I miss an attractive buy-back program. Ardmore’s price drop is an excellent opportunity to purchase some shares. ASC trades at 57% PNAV. Given the company’s low debt levels, strong cash position, and attractive valuation, a buyback program should be on the agenda for the following quarters.
Valuation
Tanker stocks are, again, cheap. All product tanker owners trade at a >30% discount to NAV. Based on PNAV, ASC is cheap, too.
Inputs for the NAV equation are:
- Fleet replacement value: $815 million
- Current assets: $132.8 million
- Total Liabilities: $58.8 million
- Total Debt: $30.0 million
- Market Cap: $502 million
- Total Outstanding Shares: 42.0 million
ASC’s NAV per share is $21.16. The current stock price of $12.03 results in 57% PNAV. This valuation is comparable to Scorpio Tankers. STNG trades at 54% PNAV. The Dividend Kings, TORM plc (TRMD), and Hafnia (HAFN) command higher multiples, 74% PNAV and 62% respectively.
In summary, all product tanker stocks are a good buy. Of course, a further decline in those prices is not impossible. That said, do not go “all-in;” instead, build a position gradually.

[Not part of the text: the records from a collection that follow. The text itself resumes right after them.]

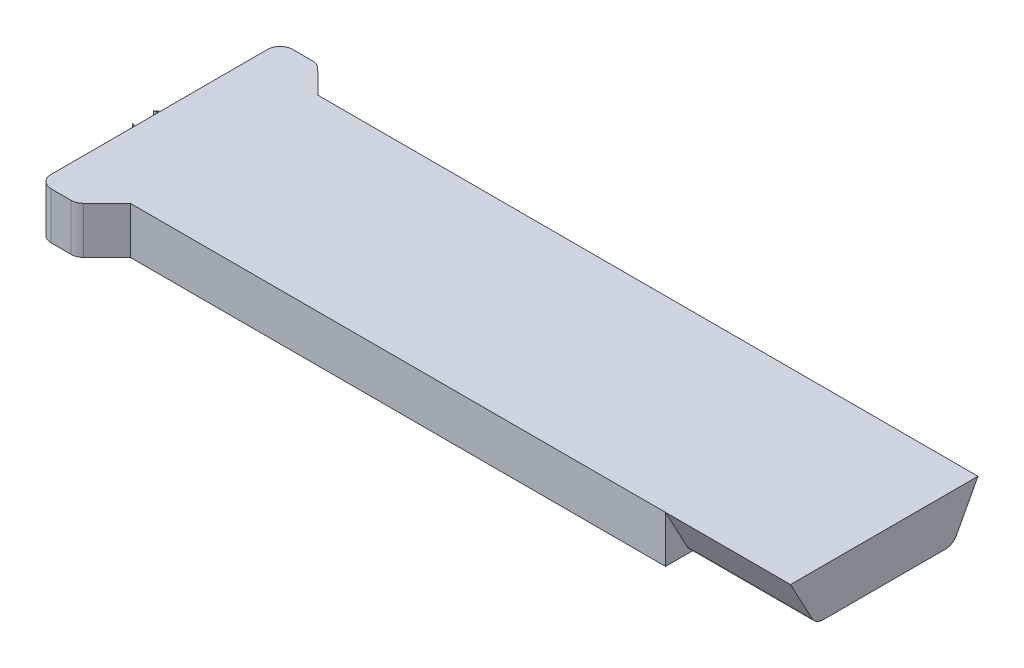
SolidWorks part; units mm, degrees
ref_plane "Front Plane" through (0, 0, 0) normal (0, 0, 1) x (1, 0, 0)
ref_plane "Top Plane" through (0, 0, 0) normal (0, 1, 0) x (1, 0, 0)
ref_plane "Right Plane" through (0, 0, 0) normal (1, 0, 0) x (0, 0, -1)
sketch "Sketch1" plane through (0, 0, 0) normal (0, 1, 0) x (1, 0, 0)
  line L0 (-1397, 0) -> (1397, 0) construction
  line L1 (-1284.8768, -381) -> (1397, -381)
  line L2 (-1284.8768, 381) -> (1397, 381)
  line L3 (1397, 381) -> (1397, -381)
  line L4 (-1397, -490.7407) -> (-1397, 490.7407)
  line L5 (-1397, 490.7407) -> (-1284.8768, 381)
  line L6 (-1397, -490.7407) -> (-1284.8768, -381)
  point P4 (0, 0)
  dimension "D1" = 2794
extrude "Boss-Extrude1" add sketch "Sketch1" along normal blind 190.5
sketch "Sketch3" plane through (-1397, 0, 0) normal (-1, 0, 0) x (0, 0, 1)
  line L4 (-490.7407, 0) -> (490.7407, 0)
  line L5 (490.7407, 0) -> (490.7407, 190.5)
  line L6 (490.7407, 190.5) -> (-490.7407, 190.5)
  line L7 (-490.7407, 190.5) -> (-490.7407, 0)
  line L8 (-490.7407, 0) -> (490.7407, 0)
  line L9 (490.7407, 0) -> (490.7407, 190.5)
  line L10 (490.7407, 190.5) -> (-490.7407, 190.5)
  line L11 (-490.7407, 190.5) -> (-490.7407, 0)
  dimension "D1" = 0
extrude "Boss-Extrude2" add sketch "Sketch3" along normal blind 152.4
fillet "Fillet2" radius 50.8 4 edges at (-1397, 95.25, 490.7407) (-1397, 95.25, -490.7407) (-1549.4, 95.25, -490.7407) (-1549.4, 95.25, 490.7407)
sketch "Sketch4" plane through (1397, 0, 0) normal (1, 0, 0) x (0, 0, -1)
  line L0 (-381, 190.5) -> (-279.4, 0)
  line L1 (381, 190.5) -> (279.4, 0)
  line L2 (279.4, 0) -> (381, 0)
  line L4 (-381, 0) -> (381, 0)
  line L5 (381, 0) -> (381, 190.5)
  line L6 (381, 190.5) -> (-381, 190.5)
  line L7 (-381, 190.5) -> (-381, 0)
  line L8 (-381, 0) -> (-279.4, 0)
  line L9 (381, 0) -> (381, 190.5)
  line L11 (-381, 190.5) -> (-381, 0)
  dimension "D2" = 101.6
  dimension "D3" = 101.6
  dimension "D1" = 0
extrude "Cut-Extrude1" cut sketch "Sketch4" against normal blind 508
fillet "Fillet3" radius 50.8 2 edges at (1143, 0, 279.4) (1143, 0, -279.4)
sketch "Sketch6" plane through (0, 0, 0) normal (0, -1, 0) x (1, 0, 0)
  line L0 (-1549.4, 0) -> (-2187.5378, 0) construction
  line L1 (-1549.4, -439.9407) -> (-1549.4, 439.9407) construction
  line L2 (-1562.1, -50.8) -> (-1562.1, 50.8)
  line L3 (-1549.4, 63.5) -> (-1587.5, 63.5)
  line L4 (-1562.1, 50.8) -> (-1549.4, 50.8) construction
  line L5 (-1587.5, 63.5) -> (-1587.5, 50.8)
  line L6 (-1587.5, 50.8) -> (-1562.1, 50.8)
  line L7 (-1587.5, -50.8) -> (-1562.1, -50.8)
  line L8 (-1587.5, -63.5) -> (-1587.5, -50.8)
  line L9 (-1549.4, -63.5) -> (-1587.5, -63.5)
  line L12 (1397, -248.92) -> (1397, 248.92)
  line L13 (1397, 248.92) -> (889, 248.92)
  line L14 (889, 248.92) -> (889, 381)
  line L15 (889, 381) -> (-1284.8768, 381)
  line L16 (-1284.8768, 381) -> (-1382.19, 476.2453)
  line L17 (-1417.7232, 490.7407) -> (-1498.6, 490.7407)
  line L18 (-1549.4, 439.9407) -> (-1549.4, -439.9407)
  line L19 (-1498.6, -490.7407) -> (-1417.7232, -490.7407)
  line L20 (-1382.19, -476.2453) -> (-1284.8768, -381)
  line L21 (-1284.8768, -381) -> (889, -381)
  line L22 (889, -381) -> (889, -248.92)
  line L23 (889, -248.92) -> (1397, -248.92)
  line L24 (1397, -248.92) -> (1397, 248.92)
  line L25 (1397, 248.92) -> (889, 248.92)
  line L26 (889, 248.92) -> (889, 381)
  line L27 (889, 381) -> (-1284.8768, 381)
  line L28 (-1284.8768, 381) -> (-1382.19, 476.2453)
  line L29 (-1417.7232, 490.7407) -> (-1498.6, 490.7407)
  line L30 (-1549.4, 63.5) -> (-1549.4, -63.5)
  line L31 (-1498.6, -490.7407) -> (-1417.7232, -490.7407)
  line L32 (-1382.19, -476.2453) -> (-1284.8768, -381)
  line L33 (-1284.8768, -381) -> (889, -381)
  line L34 (889, -381) -> (889, -248.92)
  line L35 (889, -248.92) -> (1397, -248.92)
  arc A4 (-1382.19, 476.2453) -> (-1417.7232, 490.7407) centre (-1417.7232, 439.9407) ccw
  arc A5 (-1498.6, 490.7407) -> (-1549.4, 439.9407) centre (-1498.6, 439.9407) ccw
  arc A6 (-1549.4, -439.9407) -> (-1498.6, -490.7407) centre (-1498.6, -439.9407) ccw
  arc A7 (-1417.7232, -490.7407) -> (-1382.19, -476.2453) centre (-1417.7232, -439.9407) ccw
  arc A8 (-1382.19, 476.2453) -> (-1417.7232, 490.7407) centre (-1417.7232, 439.9407) ccw
  arc A9 (-1498.6, 490.7407) -> (-1549.4, 439.9407) centre (-1498.6, 439.9407) ccw
  arc A10 (-1549.4, -439.9407) -> (-1498.6, -490.7407) centre (-1498.6, -439.9407) ccw
  arc A11 (-1417.7232, -490.7407) -> (-1382.19, -476.2453) centre (-1417.7232, -439.9407) ccw
  point P28 (-1562.1, 0)
  line M30 (-1549.4, 439.9407) -> (-1549.4, -439.9407)
  dimension "D2" = 12.7
  dimension "D3" = 50.8
  dimension "D4" = 12.7
  dimension "D5" = 38.1
  dimension "D1" = 0
extrude "Boss-Extrude3" add sketch "Sketch6" against normal blind 139.7 contours L9 L3 L5 L6 L2 L7 L8 M30
sketch "Sketch7" plane through (0, 139.7, 0) normal (0, 1, 0) x (1, 0, 0)
  line L0 (-1587.5, 63.5) -> (-1615.9366, 43.1804)
  line L1 (-1615.9366, 43.1804) -> (-1587.5, 50.8)
  line L2 (-1666.1091, 0) -> (-1458.0909, 0) construction
  line L3 (-1615.9366, -43.1804) -> (-1587.5, -50.8)
  line L4 (-1587.5, -63.5) -> (-1587.5, -50.8)
  line L5 (-1587.5, -63.5) -> (-1615.9366, -43.1804)
  line L8 (-1549.4, 63.5) -> (-1587.5, 63.5)
  line L9 (-1587.5, 63.5) -> (-1587.5, 50.8)
  line L10 (-1587.5, 50.8) -> (-1562.1, 50.8)
  line L11 (-1562.1, 50.8) -> (-1562.1, -50.8)
  line L12 (-1562.1, -50.8) -> (-1587.5, -50.8)
  line L13 (-1587.5, -50.8) -> (-1587.5, -63.5)
  line L14 (-1587.5, -63.5) -> (-1549.4, -63.5)
  line L15 (-1549.4, -63.5) -> (-1549.4, 63.5)
  line L17 (-1587.5, 63.5) -> (-1587.5, 50.8)
  point P10 (-1562.1, 0)
  dimension "D2" = 105
  dimension "D3" = 34.9503
  dimension "D1" = 0
extrude "Boss-Extrude4" add sketch "Sketch7" along normal blind 139.7 from surface at -139.7 starting at face at (-854.4491, 0, 0)
sketch "Sketch8" plane through (-1562.1, 0, 0) normal (-1, 0, 0) x (0, 0, 1)
  line L0 (0, 139.7) -> (0, 0) construction
  line L1 (-50.8, 139.7) -> (50.8, 139.7) construction
  circle A0 centre (0, 106.68) radius 15.24
  circle A1 centre (0, 33.02) radius 15.24
  dimension "D1" = 30.48
  dimension "D2" = 30.48
  dimension "D3" = 33.02
  dimension "D4" = 33.02
extrude "Cut-Extrude2" cut sketch "Sketch8" against normal blind 12.7
sketch "Sketch9" plane through (0, 0, -63.5) normal (0, 0, -1) x (-1, 0, 0)
  line L0 (1568.45, 139.7) -> (1568.45, 0) construction
  line L1 (1549.4, 139.7) -> (1587.5, 139.7) construction
  line L2 (1549.4, 0) -> (1587.5, 0) construction
  line L3 (1587.5, 139.7) -> (1587.5, 0) construction
  circle A0 centre (1568.45, 106.68) radius 8.89
  circle A1 centre (1568.45, 33.02) radius 8.89
  dimension "D1" = 17.78
  dimension "D2" = 17.78
  dimension "D3" = 33.02
  dimension "D4" = 33.02
sketch "Sketch10" plane through (-1562.1, 0, 0) normal (-1, 0, 0) x (0, 0, 1)
  line L4 (-50.8, 0) -> (50.8, 0)
  line L5 (50.8, 0) -> (50.8, 139.7)
  line L6 (50.8, 139.7) -> (-50.8, 139.7)
  line L7 (-50.8, 139.7) -> (-50.8, 0)
  line L8 (-50.8, 0) -> (50.8, 0)
  line L9 (50.8, 0) -> (50.8, 139.7)
  line L10 (50.8, 139.7) -> (-50.8, 139.7)
  line L11 (-50.8, 139.7) -> (-50.8, 0)
  dimension "D1" = 0
extrude "Cut-Extrude4" cut sketch "Sketch10" against normal blind 7.112
extrude "Cut-Extrude5" cut sketch "Sketch9" against normal blind 179.07
fillet "Fillet4" radius 25.4 2 edges at (-1587.5, 69.85, -63.5) (-1587.5, 69.85, 63.5)
sketch "Sketch11" plane through (0, 190.5, 0) normal (0, 1, 0) x (1, 0, 0)
  line L0 (-1284.8768, 381) -> (-1284.8768, -381) construction
  line L1 (-897.6063, 381) -> (-897.6063, -381) construction
  line L2 (889, 381) -> (-1284.8768, 381) construction
  line L3 (-1284.8768, -381) -> (889, -381) construction
  line L4 (-1217.8119, 381) -> (-1217.8119, -381) construction
  line L5 (-1063.7673, -381) -> (-1063.7673, 381) construction
  line L6 (-1217.8119, 0) -> (-897.6063, 0) construction
  line L7 (-1101.8673, -88.4607) -> (-1101.8673, 88.4607)
  line L8 (-1101.8673, -88.4607) -> (-1087.6936, -115.4308)
  line L9 (-1087.6936, -115.4308) -> (-1039.841, -115.4308)
  line L10 (-1101.8673, 88.4607) -> (-1087.6936, 115.4308)
  line L11 (-1087.6936, 115.4308) -> (-1039.841, 115.4308)
  line L12 (-1025.6673, 88.4607) -> (-1039.841, 115.4308)
  line L13 (-1025.6673, -88.4607) -> (-1025.6673, 88.4607)
  line L14 (-1025.6673, -88.4607) -> (-1039.841, -115.4308)
  point P16 (-1063.7673, 0)
  point P19 (-1101.8673, 0)
  point P22 (-1025.6673, 0)
  point P25 (-1063.7673, 115.4308)
  point P28 (-1063.7673, -115.4308)
  dimension "D1" = 38.1
sketch "Sketch12" plane through (0, 190.5, 0) normal (0, 1, 0) x (1, 0, 0)
  line L0 (-897.6063, 0) -> (1397, 0) construction
  line L1 (1397, -381) -> (1397, 381) construction
  line L2 (889, 381) -> (1397, 381) construction
  line L3 (1143, 381) -> (1143, -385.1758) construction
  line L4 (889, 381) -> (889, -381) construction
  point P11 (1143, 0)
sketch "Sketch13" plane through (0, 0, -381) normal (0, 0, -1) x (-1, 0, 0)
  line L0 (1062.9558, 190.5) -> (1062.9558, 393.7) construction
  line L1 (-889, 190.5) -> (1284.8768, 190.5) construction
  circle A0 centre (1062.9558, 292.1) radius 50.8782 construction
  dimension "D2" = 101.7564
  dimension "D1" = 203.2

Product tanker market review
MR tanker market is still attractive. The percentage of aging ships is higher than the order book. Below is a quote for Ardmore’s latest call about product tanker market fundamentals:
In contrast, the current order book delivering over the same time period represents only 15% of the fleet. So, the aging fleet is more than 3x of the current order book. For the product tanker order book overall, it’s important to reemphasize the lack of Aframax crude tanker newbuildings as well as the fact that LR2s are coated tankers of the same size and can operate in the same trades. That means that as the Aframax fleet shrinks, a portion of these LR2s will operate in crude trades to make up the shortfall.
The supply dynamics support a long-term bull trend in MR day rates. Refining capacity is the prime driver of clean tanker day rates. The capacity East of Suez is growing, while in the West, it is declining.
Geopolitics also play an essential role. The ongoing conflict between Russia and Ukraine, coupled with the EU embargo on refined products, has reshuffled the supply chains for refined products.
Recent TCE weakness was not propped only by refinery maintenance. Due to declining dirty day rates, crude tankers were cleaned up and used to transport clean products. VLCC and Suezmax tankers absorbed part of the tonne miles demand for product transportation.
In the long term, swing costs between dirty and clean are not economically viable. So, I expect dirty tanker owners to return to their regular operations, thus reducing the supply of available tankers.
Restarting refining capacity will also positively impact tonne-mile demand. That said, I anticipate higher day rates for clean tankers in the coming quarters.
Risks
As discussed, I anticipate robust rates in the first half of 2025. Nevertheless, I could be wrong. In the case of the Chinese recession, tonne mile demand for clean tankers will suffer for longer. Another adverse scenario is a global economic crisis. Even then, Ardmore’s financial risk is at a minimum. Given the company’s break-even below $12,000/day, ASC can weather a decline in day rates below $15,000/day. The $47.6 million cash is an additional buffer for rainy days.
Investors Takeaway
Last time, I gave Ardmore a Hold rating. The reason is the opportunity cost. The pullback in tanker stocks made the segment cheap again. In other words, there are many opportunities to choose from.
A month ago, Ardmore was not the most appealing. Since then, its price has dropped by another 20%, resulting in higher yields and cheaper valuation. Therefore, I give ASC a Buy rating.
Analyst’s Disclosure: I/we have no stock, option or similar derivative position in any of the companies mentioned, and no plans to initiate any such positions within the next 72 hours. I wrote this article myself, and it expresses my own opinions. I am not receiving compensation for it (other than from Seeking Alpha). I have no business relationship with any company whose stock is mentioned in this article.